В виде весьма вероятного допущения исследователи указывают еще на то, что Чехов усиленно штудировал Белинского, Писарева, Добролюбова. Можно безошибочно предположить, что Чехов читал этих критиков и ему нравился тип «нигилиста». Образ «положительно трезвого естественника», чуждого сантиментов Базарова, с его аналитическим умом и стойкостью, нравился Чехову и повторился потом в Дымове («Попрыгунья») и в образе других героев.
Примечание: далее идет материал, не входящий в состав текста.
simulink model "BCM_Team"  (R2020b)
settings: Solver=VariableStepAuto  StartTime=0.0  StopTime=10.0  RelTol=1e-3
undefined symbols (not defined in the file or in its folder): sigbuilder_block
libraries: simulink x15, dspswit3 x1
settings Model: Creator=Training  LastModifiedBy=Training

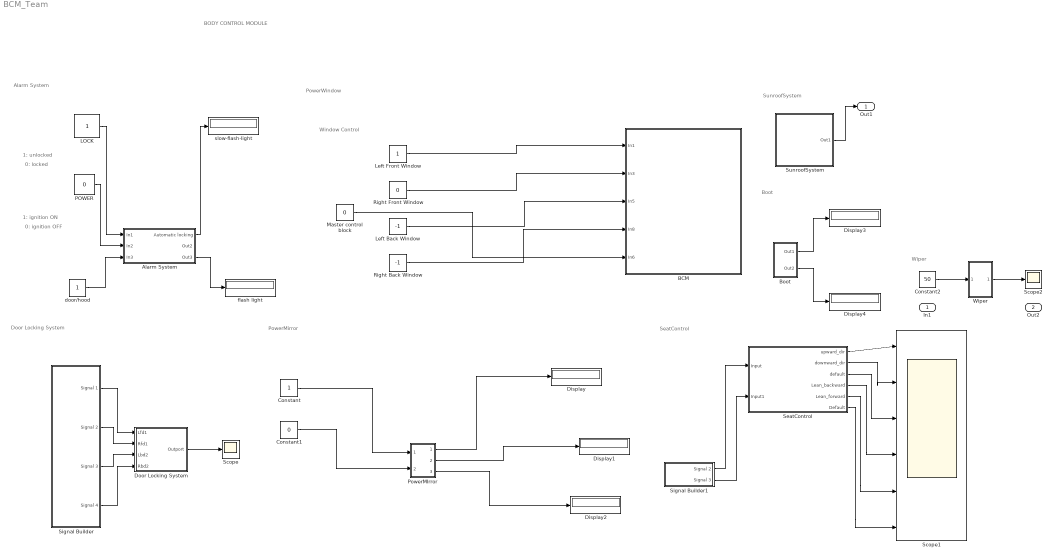
== system BCM_Team ==
  note: BODY CONTROL MODULE
  note: Wiper
  note: Boot
  note: SunroofSystem
  note: SeatControl
  note: PowerMirror
  note: PowerWindow
  note: Door Locking System
  note: Alarm System
  note: 0: locked
  note: 1: unlocked
  note: 1: ignition ON
  note: 0: ignition OFF
  note: Window Control
  In1 : Inport
  " Alarm System" : Subsystem
  BCM : Subsystem
  Boot : Subsystem
  Constant : Constant
  Constant1 : Constant  Value=0
  Constant2 : Constant  Value=50
  Display{,1..4} (5 alike) : Display
  Door Locking System : Subsystem
  LOCK : Constant
      mask Display: image('C:\Users\Training\Desktop\thU1GGBG80.jpg');
  Left Back Window : Constant  Value=-1
  Left Front Window : Constant
  Master control block : Constant  Value=0
  POWER : Constant  Value=0
      mask Display: image('C:\Users\Training\Desktop\power.jpg');
  PowerMIrror : Subsystem
  Right Back Window : Constant  Value=-1
  Right Front Window : Constant  Value=0
  Scope : Scope
  Scope1 : Scope  NumInputPorts=6
  Scope2 : Scope
  SeatControl : Subsystem
  Signal Builder : Subsystem  Tag=STV Subsys  LoadFcn=sigbuilder_block('load');  StartFcn=sigbuilder_block('start');  StopFcn=sigbuilder_block('stop');  ClipboardFcn=sigbuilder_block('clipboard');  mask(Sigbuilder block){tuvar=[0:10]}
      mask help: Simulink:masks:SigbuilderBlock_MD
      mask init:
      | if ~strcmp(get_param(bdroot(gcbh),'SimulationStatus'),'stopped') tuvar = sigbuilder_block('maskInit'); end
      settings: CopyFcn=sigbuilder_block('copy');  DeleteFcn=sigbuilder_block('delete');  ModelCloseFcn=sigbuilder_block('modelClose');  PreSaveFcn=sigbuilder_block('preSave');  PauseFcn=sigbuilder_block('pause');  ContinueFcn=sigbuilder_block('continue');  NameChangeFcn=sigbuilder_block('namechange');  OpenFcn=sigbuilder_block('open',[437.6 199.2 550.4 400 ]);  CloseFcn=sigbuilder_block('close');
      mask Display: plot(0, 0, 100, 100,[2, 2, 32, 32, 2], [68, 8, 8, 68, 68],[32, 2], [38, 38], [32, 19, 2],[53, 60, 44], [32, 17, 17, 2],[16, 16, 31, 31]);txt = getActiveGroup(gcbh);text(2, 100, txt,'verticalAlignment', 'top');
  Signal Builder1 : Subsystem  Tag=STV Subsys  LoadFcn=sigbuilder_block('load');  StartFcn=sigbuilder_block('start');  StopFcn=sigbuilder_block('stop');  ClipboardFcn=sigbuilder_block('clipboard');  mask(Sigbuilder block){tuvar=[0:10]}
      mask help: Simulink:masks:SigbuilderBlock_MD
      mask init:
      | if ~strcmp(get_param(bdroot(gcbh),'SimulationStatus'),'stopped') tuvar = sigbuilder_block('maskInit'); end
      settings: CopyFcn=sigbuilder_block('copy');  DeleteFcn=sigbuilder_block('delete');  ModelCloseFcn=sigbuilder_block('modelClose');  PreSaveFcn=sigbuilder_block('preSave');  PauseFcn=sigbuilder_block('pause');  ContinueFcn=sigbuilder_block('continue');  NameChangeFcn=sigbuilder_block('namechange');  OpenFcn=sigbuilder_block('open',[153.75 66.75 550.5 399.75 ]);  CloseFcn=sigbuilder_block('close');
      mask Display: plot(0, 0, 100, 100,[2, 2, 32, 32, 2], [68, 8, 8, 68, 68],[32, 2], [38, 38], [32, 19, 2],[53, 60, 44], [32, 17, 17, 2],[16, 16, 31, 31]);txt = getActiveGroup(gcbh);text(2, 100, txt,'verticalAlignment', 'top');
  SunroofSystem : Subsystem
      mask Display: image('C:\Users\Training\Downloads\maxresdefault.jpg'); % Use "Edit Image" on toolstrip to change.
  Wiper : Subsystem
  "door/hood " : Constant
  flash light : Display
  slow-flash-light : Display
  Out1 : Outport
  Out2 : Outport  Port=2
  wires:
  LOCK/1 -> " Alarm System"/1(In1)
  POWER/1 -> " Alarm System"/2(In2)
  "door/hood "/1 -> " Alarm System"/3(In3)
  " Alarm System"/1(Automatic locking) -> slow-flash-light/1
  " Alarm System"/3(Out3) -> flash light/1
  Signal Builder/1(Signal 1) -> Door Locking System/1(Lfd1)
  Signal Builder/2(Signal 2) -> Door Locking System/2(Rfd1)
  Signal Builder/3(Signal 3) -> Door Locking System/3(Lbd2)
  Signal Builder/4(Signal 4) -> Door Locking System/4(Rbd2)
  Door Locking System/1(Outport) -> Scope/1
  Right Back Window/1 -> BCM/4(In8)
  Left Back Window/1 -> BCM/3(In5)
  Right Front Window/1 -> BCM/2(In3)
  Left Front Window/1 -> BCM/1(In1)
  Master control block/1 -> BCM/5(In6)
  Constant/1 -> PowerMIrror/1(In1)
  Constant1/1 -> PowerMIrror/2(In2)
  PowerMIrror/1(Out1) -> Display/1
  PowerMIrror/2(Out2) -> Display1/1
  PowerMIrror/3(Out3) -> Display2/1
  SeatControl/5(Lean_forward) -> Scope1/5
  SeatControl/1(upward_dir) -> Scope1/1
  SeatControl/4(Lean_backward) -> Scope1/4
  Signal Builder1/1(Signal 2) -> SeatControl/1(Input)
  Signal Builder1/2(Signal 3) -> SeatControl/2(Input1)
  SeatControl/6(Default) -> Scope1/6
  SeatControl/3(default) -> Scope1/3
  SeatControl/2(downward_dir) -> Scope1/2
  SunroofSystem/1(Out1) -> Out1/1
  Boot/1(Out1) -> Display3/1
  Boot/2(Out2) -> Display4/1
  Wiper/1(Out1) -> Scope2/1
  Constant2/1 -> Wiper/1(In1)

== system BCM_Team/ Alarm System ==
  In1 : Inport
  In2 : Inport  Port=2
  In3 : Inport  Port=3
  Automatic locking system : Subsystem
  Subsystem : Subsystem
  Automatic locking : Outport
  Out2 : Outport  Port=2
  Out3 : Outport  Port=3
  wires:
  Automatic locking system/1(Automatic locking) -> Automatic locking/1, Subsystem/1(In1)
  In3/1 -> Subsystem/2(In2)
  Automatic locking system/2(Out2) -> Out2/1
  Subsystem/1(Out1) -> Out3/1
  In1/1 -> Automatic locking system/1(In1)
  In2/1 -> Automatic locking system/2(In2)

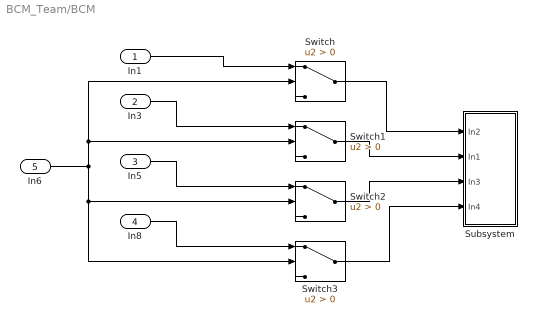
== system BCM_Team/BCM ==
  In1 : Inport
  In3 : Inport  Port=2
  In5 : Inport  Port=3
  In8 : Inport  Port=4
  In6 : Inport  Port=5
  Subsystem : Subsystem
  Switch{,1..3} (4 alike) : Switch  Criteria=u2 > Threshold
  wires:
  In8/1 -> Switch3/1
  In6/1 -> Switch/2, Switch1/2, Switch3/2, Switch2/2
  Switch/1 -> Subsystem/1(In2)
  In3/1 -> Switch1/1
  Switch1/1 -> Subsystem/2(In1)
  In5/1 -> Switch2/1
  Switch3/1 -> Subsystem/4(In4)
  Switch2/1 -> Subsystem/3(In3)
  In1/1 -> Switch/1

== system BCM_Team/Boot ==
  Boot Button Subsystem : Subsystem
  Foot Sensor Subsystem : Subsystem
  Obstacle Detection : Constant
  Out1 : Outport
  Out2 : Outport  Port=2
  wires:
  Obstacle Detection/1 -> Foot Sensor Subsystem/1(In1), Boot Button Subsystem/1(In1)
  Foot Sensor Subsystem/1(Out1) -> Out1/1
  Boot Button Subsystem/1(Out1) -> Out2/1

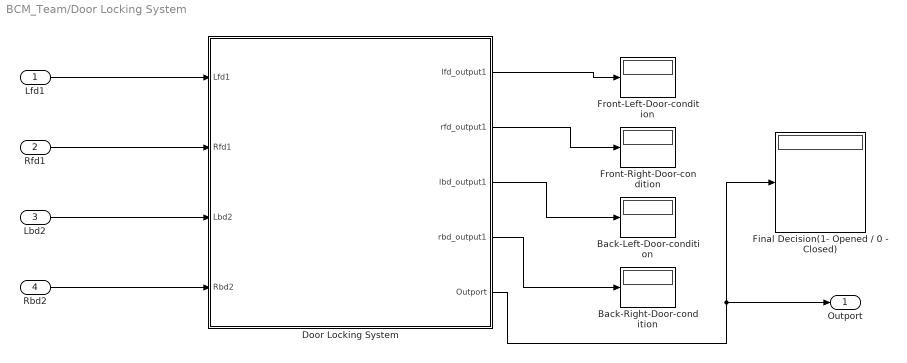
== system BCM_Team/Door Locking System ==
  Lfd1 : Inport
  Rfd1 : Inport  Port=2
  Lbd2 : Inport  Port=3
  Rbd2 : Inport  Port=4
  Back-Left-Door-condition : Display
  Back-Right-Door-condition : Display
  Door Locking System : Subsystem
      mask Display: image('C:\Users\Training\Desktop\asfsf.jpg'); % Use "Edit Image" on toolstrip to change.
  Final Decision(1- Opened / 0 - Closed) : Display
  Front-Left-Door-condition : Display
  Front-Right-Door-condition : Display
  Outport : Outport
  wires:
  Door Locking System/2(rfd_output1) -> Front-Right-Door-condition/1
  Door Locking System/3(lbd_output1) -> Back-Left-Door-condition/1
  Rbd2/1 -> Door Locking System/4(Rbd2)
  Door Locking System/5(Outport) -> Outport/1, Final Decision(1- Opened / 0 - Closed)/1
  Lfd1/1 -> Door Locking System/1(Lfd1)
  Rfd1/1 -> Door Locking System/2(Rfd1)
  Door Locking System/1(lfd_output1) -> Front-Left-Door-condition/1
  Door Locking System/4(rbd_output1) -> Back-Right-Door-condition/1
  Lbd2/1 -> Door Locking System/3(Lbd2)

== system BCM_Team/PowerMIrror ==
  In1 : Inport
  In2 : Inport  Port=2
  OR : Logic  Operator=OR  IconShape=distinctive  AllPortsSameDT=off  OutDataTypeStr=boolean
  Subsystem : Subsystem
      settings: PortSchema="{\"entries\":[{\"content\":{\"sides\":[{\"content\":{\"connectorIds\":[]},\"type\":\"ConnectorPlacement.EquallySpacedRectSide\",\"uuid\":\"24dbb584-65d0-4dd9-8920-8205f0b13d01\"},{\"content\":{\"connectorIds\":[\"Out1\"],\"side\":\"RIGHT\"},\"type\":\"ConnectorPlacement.EquallySpacedRectSide\",\"uuid\":\"108aa5af-9177-456b-a443-ec2af7dc3265\"},{\"content\":{\"connectorIds\":[\"In1\"],\"side\":\"TOP\"},\"type\":\"ConnectorPlacement.EquallySpacedRectSide\",\"uuid\":\"5c407c8d-45ff-4b3c-b030-ff803cb5da46\"},{\"content\":{\"connectorIds\":[],\"side\":\"HIDDEN\"},\"type\":\"ConnectorPlacement.EquallySpacedRectSide\",\"uuid\":\"ff58af5e-ac44-4e34-9293-fa9070ab7545\"}]},\"type\":\"ConnectorPlacement.EquallySpacedConnector\",\"uuid\":\"fb2c6366-9d05-4222-a30c-aebdf7436130\"}],\"packageUris\":[\"http://schema.mathworks.com/mf0/Connector/R2020b\"],\"version\":\"1.0\"}"
  Subsystem1 : Subsystem
  Out1 : Outport
  Out2 : Outport  Port=2
  Out3 : Outport  Port=3
  wires:
  In2/1 -> OR/2
  OR/1 -> Subsystem1/1(In1), Out1/1, Subsystem/1(In1)
  Subsystem/1(Out1) -> Out2/1
  In1/1 -> OR/1
  Subsystem1/1(Out1) -> Out3/1

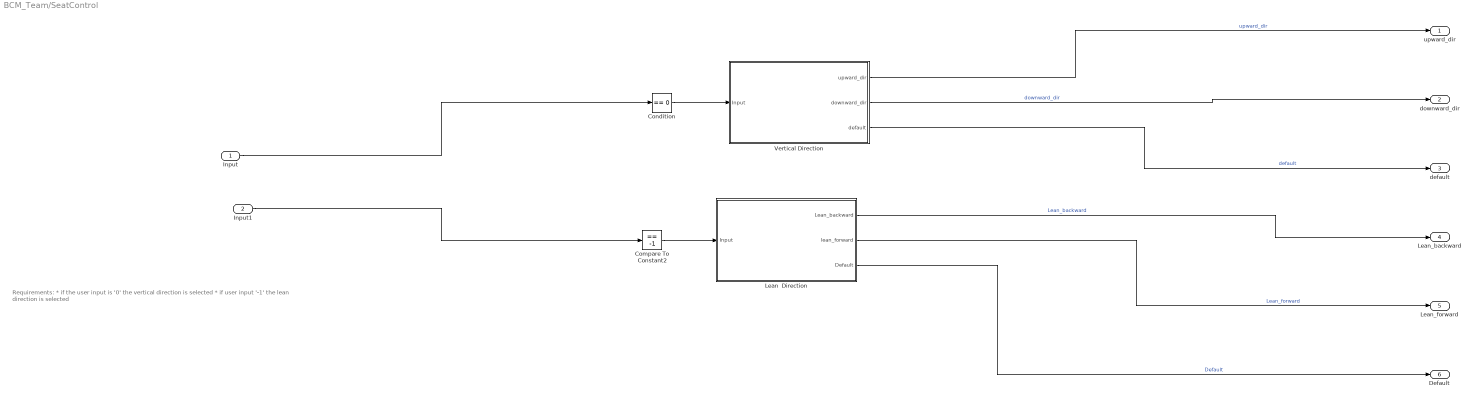
== system BCM_Team/SeatControl ==
  note: Requirements:
      |
      | * if the user input is '0' the vertical direction is selected
      |
      | * if user input '-1' the lean direction is selected
  Input : Inport
  Input1 : Inport  Port=2
  Compare To Constant2 : simulink/Logic and Bit Operations/Compare To Constant  relop===  const=-1  OutDataTypeStr=uint8
  Condition : simulink/Logic and Bit Operations/Compare To Constant  relop===  const=0  OutDataTypeStr=uint8
  Lean  Direction : Subsystem
  Vertical Direction : Subsystem
  upward_dir : Outport
  downward_dir : Outport  Port=2
  default : Outport  Port=3
  Lean_backward : Outport  Port=4
  Lean_forward : Outport  Port=5
  Default : Outport  Port=6
  wires:
  Lean  Direction/3(Default) -> Default/1  "Default"
  Lean  Direction/1(Lean_backward) -> Lean_backward/1  "Lean_backward"
  Condition/1 -> Vertical Direction/1(Input)
  Lean  Direction/2(lean_forward) -> Lean_forward/1  "Lean_forward"
  Compare To Constant2/1 -> Lean  Direction/1(Input)
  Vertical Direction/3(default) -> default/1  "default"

Есть еще достоверное свидетельство в воспоминаниях одного таганрогского гимназиста, что Чехов читал популярных тогда Бокля и Шопенгауэра. Последние два имени обрисовывают любопытную амплитуду философских интересов Чехова. Бокль, английский историк, занимался в своих сочинениях вопросом о правомерности прилагать к истории человечества методы естественных наук, подчиняя духовные действия физическим влияниям, и, таким образом, отрицал свободу действия человека и его индивидуальность. Этот вопрос действительно занимал позднее Чехова как медика и как писателя. Немецкий философ-идеалист Шопенгауэр, наоборот, проповедовал свободу воли, которая носит у него отвлеченный характер, но сообщает логическую упорядоченность объективному миру, пребывающему в хаосе. Герои произведений Чехова любят рассуждать на эти темы («Огни» и др.). Но все же Чехова нельзя отождествлять с его героями. Нужно еще науке выяснить, где «пребывает» сам Чехов в то время, когда его герои ведут разговоры и споры на эти важные темы.